🔋 Documentation 💻 Blog Post ⌨ Examples 💾
- Single header for simple import with flexible build-system configuration
- Multi-language support with C++ as core SDK as well as optimized Python bindings
- Asynchronous & parallel processing support through GPU family queues
- Mobile enabled with examples in Android studio across several architectures
- BYOV: Bring-your-own-Vulkan design to play nice with existing Vulkan applications
- Explicit relationships for GPU and host memory ownership and memory management
- Short code examples showing the core features
- Longer tutorials for machine learning 🤖, mobile development 📱 and game development 🎮.
Kompute is provided as a single header file Kompute.hpp
. See build-system section for configurations available.
This simple example will show the basics of Kompute through the high level API.
- Create Kompute Manager with default settings (device 0 and first compute compatible queue)
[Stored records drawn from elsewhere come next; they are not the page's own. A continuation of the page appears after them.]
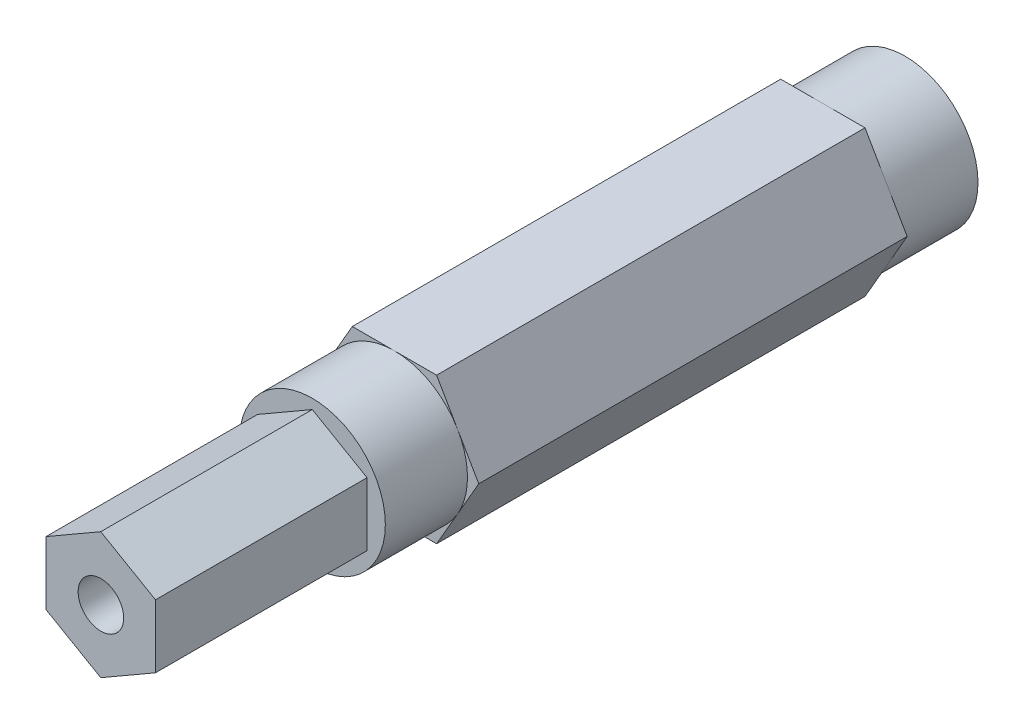
ISO-10303-21;
HEADER;
FILE_DESCRIPTION(('STEP AP214'),'2;1');
FILE_NAME('part.step','',(''),(''),'','','');
FILE_SCHEMA(('AUTOMOTIVE_DESIGN { 1 0 10303 214 1 1 1 1 }'));
ENDSEC;
DATA;
#1=APPLICATION_CONTEXT('core data for automotive mechanical design processes');
#2=APPLICATION_PROTOCOL_DEFINITION('international standard','automotive_design',2000,#1);
#3=PRODUCT_CONTEXT('',#1,'mechanical');
#4=PRODUCT('Part','Part','',(#3));
#5=PRODUCT_RELATED_PRODUCT_CATEGORY('part','',(#4));
#6=PRODUCT_DEFINITION_FORMATION('','',#4);
#7=PRODUCT_DEFINITION_CONTEXT('part definition',#1,'design');
#8=PRODUCT_DEFINITION('design','',#6,#7);
#9=PRODUCT_DEFINITION_SHAPE('','',#8);
#10=(LENGTH_UNIT() NAMED_UNIT(*) SI_UNIT(.MILLI.,.METRE.));
#11=(NAMED_UNIT(*) PLANE_ANGLE_UNIT() SI_UNIT($,.RADIAN.));
#12=(NAMED_UNIT(*) SI_UNIT($,.STERADIAN.) SOLID_ANGLE_UNIT());
#13=UNCERTAINTY_MEASURE_WITH_UNIT(LENGTH_MEASURE(1.E-05),#10,'distance_accuracy_value','');
#14=(GEOMETRIC_REPRESENTATION_CONTEXT(3) GLOBAL_UNCERTAINTY_ASSIGNED_CONTEXT((#13)) GLOBAL_UNIT_ASSIGNED_CONTEXT((#10,
#11,#12)) REPRESENTATION_CONTEXT('',''));
#15=CARTESIAN_POINT('',(0.,0.,0.));
#16=DIRECTION('',(0.,0.,1.));
#17=DIRECTION('',(1.,0.,0.));
#18=AXIS2_PLACEMENT_3D('',#15,#16,#17);
#19=CARTESIAN_POINT('',(0.0127,-0.00733234841871,31.4759999892544));
#20=DIRECTION('',(0.,0.,1.));
#21=DIRECTION('',(1.,0.,0.));
#22=AXIS2_PLACEMENT_3D('',#19,#20,#21);
#23=CONICAL_SURFACE('',#22,1.98120000005906,1.02974425866602);
#24=CARTESIAN_POINT('',(0.0126999999565669,-0.00733234841871,30.2855749307867));
#25=VERTEX_POINT('',#24);
#26=VERTEX_LOOP('',#25);
#27=FACE_BOUND('',#26,.T.);
#28=CARTESIAN_POINT('',(0.0127,-0.00733234841871,31.4759999892));
#29=DIRECTION('',(0.,0.,1.));
#30=DIRECTION('',(1.,0.,0.));
#31=AXIS2_PLACEMENT_3D('',#28,#29,#30);
#32=CIRCLE('',#31,1.9812);
#33=CARTESIAN_POINT('',(1.9939,-0.00733234841871,31.4759999892));
#34=VERTEX_POINT('',#33);
#35=EDGE_CURVE('E222',#34,#34,#32,.T.);
#36=ORIENTED_EDGE('',*,*,#35,.T.);
#37=EDGE_LOOP('',(#36));
#38=FACE_BOUND('',#37,.T.);
#39=ADVANCED_FACE('F17',(#27,#38),#23,.F.);
#40=CARTESIAN_POINT('',(0.0127,-0.00733234841871,37.8259999892));
#41=DIRECTION('',(0.,0.,1.));
#42=DIRECTION('',(1.,0.,0.));
#43=AXIS2_PLACEMENT_3D('',#40,#41,#42);
#44=CYLINDRICAL_SURFACE('',#43,1.9812);
#45=ORIENTED_EDGE('',*,*,#35,.F.);
#46=EDGE_LOOP('',(#45));
#47=FACE_BOUND('',#46,.T.);
#48=CARTESIAN_POINT('',(0.0127,-0.00733234841871,44.1759999888));
#49=DIRECTION('',(0.,0.,1.));
#50=DIRECTION('',(1.,0.,0.));
#51=AXIS2_PLACEMENT_3D('',#48,#49,#50);
#52=CIRCLE('',#51,1.9812);
#53=CARTESIAN_POINT('',(1.9939,-0.00733234841871,44.1759999888));
#54=VERTEX_POINT('',#53);
#55=EDGE_CURVE('E20',#54,#54,#52,.F.);
#56=ORIENTED_EDGE('',*,*,#55,.F.);
#57=EDGE_LOOP('',(#56));
#58=FACE_BOUND('',#57,.T.);
#59=ADVANCED_FACE('F680',(#47,#58),#44,.F.);
#60=CARTESIAN_POINT('',(0.,0.,44.1759999892));
#61=DIRECTION('',(0.,0.,1.));
#62=DIRECTION('',(1.,0.,0.));
#63=AXIS2_PLACEMENT_3D('',#60,#61,#62);
#64=PLANE('',#63);
#65=ORIENTED_EDGE('',*,*,#55,.T.);
#66=EDGE_LOOP('',(#65));
#67=FACE_BOUND('',#66,.T.);
#68=DIRECTION('',(0.866025403784329,0.50000000000019,0.));
#69=VECTOR('',#68,1.);
#70=CARTESIAN_POINT('',(0.,-5.49926131403,44.1759999897));
#71=LINE('',#70,#69);
#72=CARTESIAN_POINT('',(4.76250000000908,-2.7496306570084,44.175999989575));
#73=VERTEX_POINT('',#72);
#74=CARTESIAN_POINT('',(1.09530182891988E-11,-5.49926131403398,44.175999989575));
#75=VERTEX_POINT('',#74);
#76=EDGE_CURVE('E230',#73,#75,#71,.F.);
#77=ORIENTED_EDGE('',*,*,#76,.F.);
#78=DIRECTION('',(0.,1.,0.));
#79=VECTOR('',#78,1.);
#80=CARTESIAN_POINT('',(4.7625,-2.74963065702,44.1759999897));
#81=LINE('',#80,#79);
#82=CARTESIAN_POINT('',(4.76250000000892,2.74963065702235,44.17599998945));
#83=VERTEX_POINT('',#82);
#84=EDGE_CURVE('E225',#83,#73,#81,.F.);
#85=ORIENTED_EDGE('',*,*,#84,.F.);
#86=DIRECTION('',(-0.866025403784329,0.50000000000019,0.));
#87=VECTOR('',#86,1.);
#88=CARTESIAN_POINT('',(4.7625,2.74963065702,44.1759999897));
#89=LINE('',#88,#87);
#90=CARTESIAN_POINT('',(7.50842530511384E-13,5.49926131403131,44.175999989575));
#91=VERTEX_POINT('',#90);
#92=EDGE_CURVE('E250',#91,#83,#89,.F.);
#93=ORIENTED_EDGE('',*,*,#92,.F.);
#94=DIRECTION('',(-0.866025403784329,-0.50000000000019,0.));
#95=VECTOR('',#94,1.);
#96=CARTESIAN_POINT('',(0.,5.49926131403,44.1759999897));
#97=LINE('',#96,#95);
#98=CARTESIAN_POINT('',(-4.76249999999924,2.74963065701869,44.175999989575));
#99=VERTEX_POINT('',#98);
#100=EDGE_CURVE('E245',#99,#91,#97,.F.);
#101=ORIENTED_EDGE('',*,*,#100,.F.);
#102=DIRECTION('',(0.,-1.,0.));
#103=VECTOR('',#102,1.);
#104=CARTESIAN_POINT('',(-4.7625,2.74963065702,44.1759999897));
#105=LINE('',#104,#103);
#106=CARTESIAN_POINT('',(-4.7625,-2.74963065702,44.175999989575));
#107=VERTEX_POINT('',#106);
#108=EDGE_CURVE('E240',#107,#99,#105,.F.);
#109=ORIENTED_EDGE('',*,*,#108,.F.);
#110=DIRECTION('',(0.866025403784329,-0.50000000000019,0.));
#111=VECTOR('',#110,1.);
#112=CARTESIAN_POINT('',(-4.7625,-2.74963065702,44.1759999897));
#113=LINE('',#112,#111);
#114=EDGE_CURVE('E235',#75,#107,#113,.F.);
#115=ORIENTED_EDGE('',*,*,#114,.F.);
#116=EDGE_LOOP('',(#77,#85,#93,#101,#109,#115));
#117=FACE_BOUND('',#116,.T.);
#118=ADVANCED_FACE('F671',(#67,#117),#64,.T.);
#119=CARTESIAN_POINT('',(4.7625,-2.74963065702,0.));
#120=DIRECTION('',(1.,0.,0.));
#121=DIRECTION('',(0.,1.,0.));
#122=AXIS2_PLACEMENT_3D('',#119,#120,#121);
#123=PLANE('',#122);
#124=ORIENTED_EDGE('',*,*,#84,.T.);
#125=DIRECTION('',(0.,0.,1.));
#126=VECTOR('',#125,1.);
#127=CARTESIAN_POINT('',(4.76250000001631,-2.7496306570036,0.));
#128=LINE('',#127,#126);
#129=CARTESIAN_POINT('',(4.76250000000408,-2.74963065701129,25.77465));
#130=VERTEX_POINT('',#129);
#131=EDGE_CURVE('E227',#130,#73,#128,.T.);
#132=ORIENTED_EDGE('',*,*,#131,.F.);
#133=DIRECTION('',(0.,1.,0.));
#134=VECTOR('',#133,1.);
#135=CARTESIAN_POINT('',(4.7625,0.,25.77465));
#136=LINE('',#135,#134);
#137=CARTESIAN_POINT('',(4.76249999999892,2.74963065702813,25.77465));
#138=VERTEX_POINT('',#137);
#139=EDGE_CURVE('E173',#138,#130,#136,.F.);
#140=ORIENTED_EDGE('',*,*,#139,.F.);
#141=DIRECTION('',(0.,0.,1.));
#142=VECTOR('',#141,1.);
#143=CARTESIAN_POINT('',(4.76249999999567,2.7496306570225,0.));
#144=LINE('',#143,#142);
#145=EDGE_CURVE('E253',#83,#138,#144,.F.);
#146=ORIENTED_EDGE('',*,*,#145,.F.);
#147=EDGE_LOOP('',(#124,#132,#140,#146));
#148=FACE_BOUND('',#147,.T.);
#149=ADVANCED_FACE('F662',(#148),#123,.T.);
#150=CARTESIAN_POINT('',(0.,-5.49926131403,0.));
#151=DIRECTION('',(0.50000000000019,-0.866025403784329,0.));
#152=DIRECTION('',(0.866025403784329,0.50000000000019,0.));
#153=AXIS2_PLACEMENT_3D('',#150,#151,#152);
#154=PLANE('',#153);
#155=ORIENTED_EDGE('',*,*,#76,.T.);
#156=DIRECTION('',(0.,0.,1.));
#157=VECTOR('',#156,1.);
#158=CARTESIAN_POINT('',(1.31127747549087E-11,-5.49926131404456,0.));
#159=LINE('',#158,#157);
#160=CARTESIAN_POINT('',(1.09528285538187E-11,-5.49926131403398,25.77465));
#161=VERTEX_POINT('',#160);
#162=EDGE_CURVE('E232',#161,#75,#159,.T.);
#163=ORIENTED_EDGE('',*,*,#162,.F.);
#164=DIRECTION('',(-0.866025403783498,-0.50000000000163,0.));
#165=VECTOR('',#164,1.);
#166=CARTESIAN_POINT('',(4.76250000002,-2.74963065701,25.77465));
#167=LINE('',#166,#165);
#168=EDGE_CURVE('E293',#130,#161,#167,.T.);
#169=ORIENTED_EDGE('',*,*,#168,.F.);
#170=ORIENTED_EDGE('',*,*,#131,.T.);
#171=EDGE_LOOP('',(#155,#163,#169,#170));
#172=FACE_BOUND('',#171,.T.);
#173=ADVANCED_FACE('F653',(#172),#154,.T.);
#174=CARTESIAN_POINT('',(-4.7625,-2.74963065702,0.));
#175=DIRECTION('',(-0.50000000000019,-0.866025403784329,0.));
#176=DIRECTION('',(0.866025403784329,-0.50000000000019,0.));
#177=AXIS2_PLACEMENT_3D('',#174,#175,#176);
#178=PLANE('',#177);
#179=ORIENTED_EDGE('',*,*,#114,.T.);
#180=DIRECTION('',(0.,0.,1.));
#181=VECTOR('',#180,1.);
#182=CARTESIAN_POINT('',(-4.7625,-2.74963065702,0.));
#183=LINE('',#182,#181);
#184=CARTESIAN_POINT('',(-4.7625,-2.74963065702,25.77465));
#185=VERTEX_POINT('',#184);
#186=EDGE_CURVE('E237',#185,#107,#183,.T.);
#187=ORIENTED_EDGE('',*,*,#186,.F.);
#188=DIRECTION('',(-0.866025403784807,0.499999999999361,0.));
#189=VECTOR('',#188,1.);
#190=CARTESIAN_POINT('',(1.57438506676E-11,-5.49926131404,25.77465));
#191=LINE('',#190,#189);
#192=EDGE_CURVE('E296',#161,#185,#191,.T.);
#193=ORIENTED_EDGE('',*,*,#192,.F.);
#194=ORIENTED_EDGE('',*,*,#162,.T.);
#195=EDGE_LOOP('',(#179,#187,#193,#194));
#196=FACE_BOUND('',#195,.T.);
#197=ADVANCED_FACE('F644',(#196),#178,.T.);
#198=CARTESIAN_POINT('',(-4.7625,2.74963065702,0.));
#199=DIRECTION('',(-1.,0.,0.));
#200=DIRECTION('',(0.,-1.,0.));
#201=AXIS2_PLACEMENT_3D('',#198,#199,#200);
#202=PLANE('',#201);
#203=ORIENTED_EDGE('',*,*,#108,.T.);
#204=DIRECTION('',(0.,0.,1.));
#205=VECTOR('',#204,1.);
#206=CARTESIAN_POINT('',(-4.76249999999698,2.74963065701476,0.));
#207=LINE('',#206,#205);
#208=CARTESIAN_POINT('',(-4.76249999999924,2.74963065701869,25.77465));
#209=VERTEX_POINT('',#208);
#210=EDGE_CURVE('E242',#209,#99,#207,.T.);
#211=ORIENTED_EDGE('',*,*,#210,.F.);
#212=DIRECTION('',(0.,1.,0.));
#213=VECTOR('',#212,1.);
#214=CARTESIAN_POINT('',(-4.7625,0.,25.77465));
#215=LINE('',#214,#213);
#216=EDGE_CURVE('E299',#185,#209,#215,.T.);
#217=ORIENTED_EDGE('',*,*,#216,.F.);
#218=ORIENTED_EDGE('',*,*,#186,.T.);
#219=EDGE_LOOP('',(#203,#211,#217,#218));
#220=FACE_BOUND('',#219,.T.);
#221=ADVANCED_FACE('F635',(#220),#202,.T.);
#222=CARTESIAN_POINT('',(0.,5.49926131403,0.));
#223=DIRECTION('',(-0.50000000000019,0.866025403784329,0.));
#224=DIRECTION('',(-0.866025403784329,-0.50000000000019,0.));
#225=AXIS2_PLACEMENT_3D('',#222,#223,#224);
#226=PLANE('',#225);
#227=ORIENTED_EDGE('',*,*,#100,.T.);
#228=DIRECTION('',(0.,0.,1.));
#229=VECTOR('',#228,1.);
#230=CARTESIAN_POINT('',(3.02015357167562E-12,5.49926131403524,0.));
#231=LINE('',#230,#229);
#232=CARTESIAN_POINT('',(7.50985318560359E-13,5.49926131403131,25.77465));
#233=VERTEX_POINT('',#232);
#234=EDGE_CURVE('E247',#233,#91,#231,.T.);
#235=ORIENTED_EDGE('',*,*,#234,.F.);
#236=DIRECTION('',(0.866025403784879,0.499999999999238,0.));
#237=VECTOR('',#236,1.);
#238=CARTESIAN_POINT('',(-4.7625,2.74963065702,25.77465));
#239=LINE('',#238,#237);
#240=EDGE_CURVE('E182',#209,#233,#239,.T.);
#241=ORIENTED_EDGE('',*,*,#240,.F.);
#242=ORIENTED_EDGE('',*,*,#210,.T.);
#243=EDGE_LOOP('',(#227,#235,#241,#242));
#244=FACE_BOUND('',#243,.T.);
#245=ADVANCED_FACE('F626',(#244),#226,.T.);
#246=CARTESIAN_POINT('',(4.7625,2.74963065702,0.));
#247=DIRECTION('',(0.50000000000019,0.866025403784329,0.));
#248=DIRECTION('',(-0.866025403784329,0.50000000000019,0.));
#249=AXIS2_PLACEMENT_3D('',#246,#247,#248);
#250=PLANE('',#249);
#251=ORIENTED_EDGE('',*,*,#92,.T.);
#252=ORIENTED_EDGE('',*,*,#145,.T.);
#253=DIRECTION('',(0.866025403785667,-0.499999999997873,0.));
#254=VECTOR('',#253,1.);
#255=CARTESIAN_POINT('',(0.,5.49926131403,25.77465));
#256=LINE('',#255,#254);
#257=EDGE_CURVE('E179',#233,#138,#256,.T.);
#258=ORIENTED_EDGE('',*,*,#257,.F.);
#259=ORIENTED_EDGE('',*,*,#234,.T.);
#260=EDGE_LOOP('',(#251,#252,#258,#259));
#261=FACE_BOUND('',#260,.T.);
#262=ADVANCED_FACE('F618',(#261),#250,.T.);
#263=CARTESIAN_POINT('',(0.,0.,18.6309));
#264=DIRECTION('',(0.,0.,1.));
#265=DIRECTION('',(1.,0.,0.));
#266=AXIS2_PLACEMENT_3D('',#263,#264,#265);
#267=PLANE('',#266);
#268=DIRECTION('',(-0.50000000000019,0.866025403784329,0.));
#269=VECTOR('',#268,1.);
#270=CARTESIAN_POINT('',(7.33234841871,0.,18.6309));
#271=LINE('',#270,#269);
#272=CARTESIAN_POINT('',(3.666174208901,6.35000000008718,18.6308999995333));
#273=VERTEX_POINT('',#272);
#274=CARTESIAN_POINT('',(5.4992613137898,3.17500000041778,18.63089999965));
#275=VERTEX_POINT('',#274);
#276=EDGE_CURVE('E160',#273,#275,#271,.F.);
#277=ORIENTED_EDGE('',*,*,#276,.F.);
#278=DIRECTION('',(-1.,0.,0.));
#279=VECTOR('',#278,1.);
#280=CARTESIAN_POINT('',(3.66617420935,6.35,18.6308999993));
#281=LINE('',#280,#279);
#282=CARTESIAN_POINT('',(0.,6.35,18.6308999993));
#283=VERTEX_POINT('',#282);
#284=EDGE_CURVE('E176',#283,#273,#281,.F.);
#285=ORIENTED_EDGE('',*,*,#284,.F.);
#286=CARTESIAN_POINT('',(0.,0.,18.6308999993));
#287=DIRECTION('',(0.,0.,1.));
#288=DIRECTION('',(1.,0.,0.));
#289=AXIS2_PLACEMENT_3D('',#286,#287,#288);
#290=CIRCLE('',#289,6.35);
#291=EDGE_CURVE('E143',#275,#283,#290,.T.);
#292=ORIENTED_EDGE('',*,*,#291,.F.);
#293=EDGE_LOOP('',(#277,#285,#292));
#294=FACE_BOUND('',#293,.T.);
#295=ADVANCED_FACE('F175',(#294),#267,.T.);
#296=CARTESIAN_POINT('',(0.,0.,-18.6309));
#297=DIRECTION('',(0.,0.,-1.));
#298=DIRECTION('',(-1.,0.,0.));
#299=AXIS2_PLACEMENT_3D('',#296,#297,#298);
#300=PLANE('',#299);
#301=DIRECTION('',(-1.,0.,0.));
#302=VECTOR('',#301,1.);
#303=CARTESIAN_POINT('',(3.66617420935,6.35,-18.6309));
#304=LINE('',#303,#302);
#305=CARTESIAN_POINT('',(3.66617420895441,6.34999999999468,-18.6308999997667));
#306=VERTEX_POINT('',#305);
#307=CARTESIAN_POINT('',(0.,6.349999999815,-18.63089999965));
#308=VERTEX_POINT('',#307);
#309=EDGE_CURVE('E265',#306,#308,#304,.T.);
#310=ORIENTED_EDGE('',*,*,#309,.F.);
#311=DIRECTION('',(-0.50000000000019,0.866025403784329,0.));
#312=VECTOR('',#311,1.);
#313=CARTESIAN_POINT('',(7.33234841871,0.,-18.6308999993));
#314=LINE('',#313,#312);
#315=CARTESIAN_POINT('',(5.499261314031,3.17500000000104,-18.6308999993));
#316=VERTEX_POINT('',#315);
#317=EDGE_CURVE('E168',#316,#306,#314,.T.);
#318=ORIENTED_EDGE('',*,*,#317,.F.);
#319=CARTESIAN_POINT('',(0.,0.,-18.6308999993));
#320=DIRECTION('',(0.,0.,1.));
#321=DIRECTION('',(1.,0.,0.));
#322=AXIS2_PLACEMENT_3D('',#319,#320,#321);
#323=CIRCLE('',#322,6.35);
#324=EDGE_CURVE('E188',#308,#316,#323,.F.);
#325=ORIENTED_EDGE('',*,*,#324,.F.);
#326=EDGE_LOOP('',(#310,#318,#325));
#327=FACE_BOUND('',#326,.T.);
#328=ADVANCED_FACE('F428',(#327),#300,.T.);
#329=CARTESIAN_POINT('',(0.,0.,-25.77465));
#330=DIRECTION('',(0.,0.,1.));
#331=DIRECTION('',(1.,0.,0.));
#332=AXIS2_PLACEMENT_3D('',#329,#330,#331);
#333=PLANE('',#332);
#334=CARTESIAN_POINT('',(0.,0.,-25.77465));
#335=DIRECTION('',(0.,0.,1.));
#336=DIRECTION('',(1.,0.,0.));
#337=AXIS2_PLACEMENT_3D('',#334,#335,#336);
#338=CIRCLE('',#337,6.35);
#339=CARTESIAN_POINT('',(6.35,0.,-25.77465));
#340=VERTEX_POINT('',#339);
#341=EDGE_CURVE('E194',#340,#340,#338,.T.);
#342=ORIENTED_EDGE('',*,*,#341,.F.);
#343=EDGE_LOOP('',(#342));
#344=FACE_BOUND('',#343,.T.);
#345=ADVANCED_FACE('F432',(#344),#333,.F.);
#346=CARTESIAN_POINT('',(0.,0.,-18.6309));
#347=DIRECTION('',(0.,0.,-1.));
#348=DIRECTION('',(-1.,0.,0.));
#349=AXIS2_PLACEMENT_3D('',#346,#347,#348);
#350=PLANE('',#349);
#351=DIRECTION('',(-0.50000000000019,0.866025403784329,0.));
#352=VECTOR('',#351,1.);
#353=CARTESIAN_POINT('',(7.33234841871,0.,-18.6309));
#354=LINE('',#353,#352);
#355=CARTESIAN_POINT('',(7.33234841878749,2.32970767983556E-10,-18.6308999995333));
#356=VERTEX_POINT('',#355);
#357=EDGE_CURVE('E256',#356,#316,#354,.T.);
#358=ORIENTED_EDGE('',*,*,#357,.F.);
#359=DIRECTION('',(0.50000000000019,0.866025403784329,0.));
#360=VECTOR('',#359,1.);
#361=CARTESIAN_POINT('',(3.66617420935,-6.35,-18.6308999993));
#362=LINE('',#361,#360);
#363=CARTESIAN_POINT('',(5.49926131402949,-3.17500000000017,-18.63089999965));
#364=VERTEX_POINT('',#363);
#365=EDGE_CURVE('E275',#364,#356,#362,.T.);
#366=ORIENTED_EDGE('',*,*,#365,.F.);
#367=CARTESIAN_POINT('',(0.,0.,-18.6309));
#368=DIRECTION('',(0.,0.,1.));
#369=DIRECTION('',(1.,0.,0.));
#370=AXIS2_PLACEMENT_3D('',#367,#368,#369);
#371=CIRCLE('',#370,6.35);
#372=EDGE_CURVE('E192',#316,#364,#371,.F.);
#373=ORIENTED_EDGE('',*,*,#372,.F.);
#374=EDGE_LOOP('',(#358,#366,#373));
#375=FACE_BOUND('',#374,.T.);
#376=ADVANCED_FACE('F430',(#375),#350,.T.);
#377=CARTESIAN_POINT('',(7.33234841871,0.,0.));
#378=DIRECTION('',(0.866025403784329,0.50000000000019,0.));
#379=DIRECTION('',(-0.50000000000019,0.866025403784329,0.));
#380=AXIS2_PLACEMENT_3D('',#377,#378,#379);
#381=PLANE('',#380);
#382=DIRECTION('',(0.,0.,1.));
#383=VECTOR('',#382,1.);
#384=CARTESIAN_POINT('',(3.66617420875,6.35,0.));
#385=LINE('',#384,#383);
#386=EDGE_CURVE('E165',#273,#306,#385,.F.);
#387=ORIENTED_EDGE('',*,*,#386,.F.);
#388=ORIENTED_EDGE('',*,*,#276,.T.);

- Create and initialise Kompute Tensors through manager
- Run multiplication operation synchronously
- Map results back from GPU memory to print the results
View the extended version or more examples.
int main() {
// 1. Create Kompute Manager with default settings (device 0 and first compute compatible queue)
kp::Manager mgr;
// 2. Create and initialise Kompute Tensors through manager
auto tensorInA = mgr.buildTensor({ 2., 2., 2. });
auto tensorInB = mgr.buildTensor({ 1., 2., 3. });
auto tensorOut = mgr.buildTensor({ 0., 0., 0. });
// 3. Run multiplication operation synchronously
mgr.evalOpDefault<kp::OpMult<>>(
{ tensorInA, tensorInB, tensorOut })
// 4. Map results back from GPU memory to print the results
mgr.evalOpDefault<kp::OpTensorSyncLocal>({ tensorInA, tensorInB, tensorOut })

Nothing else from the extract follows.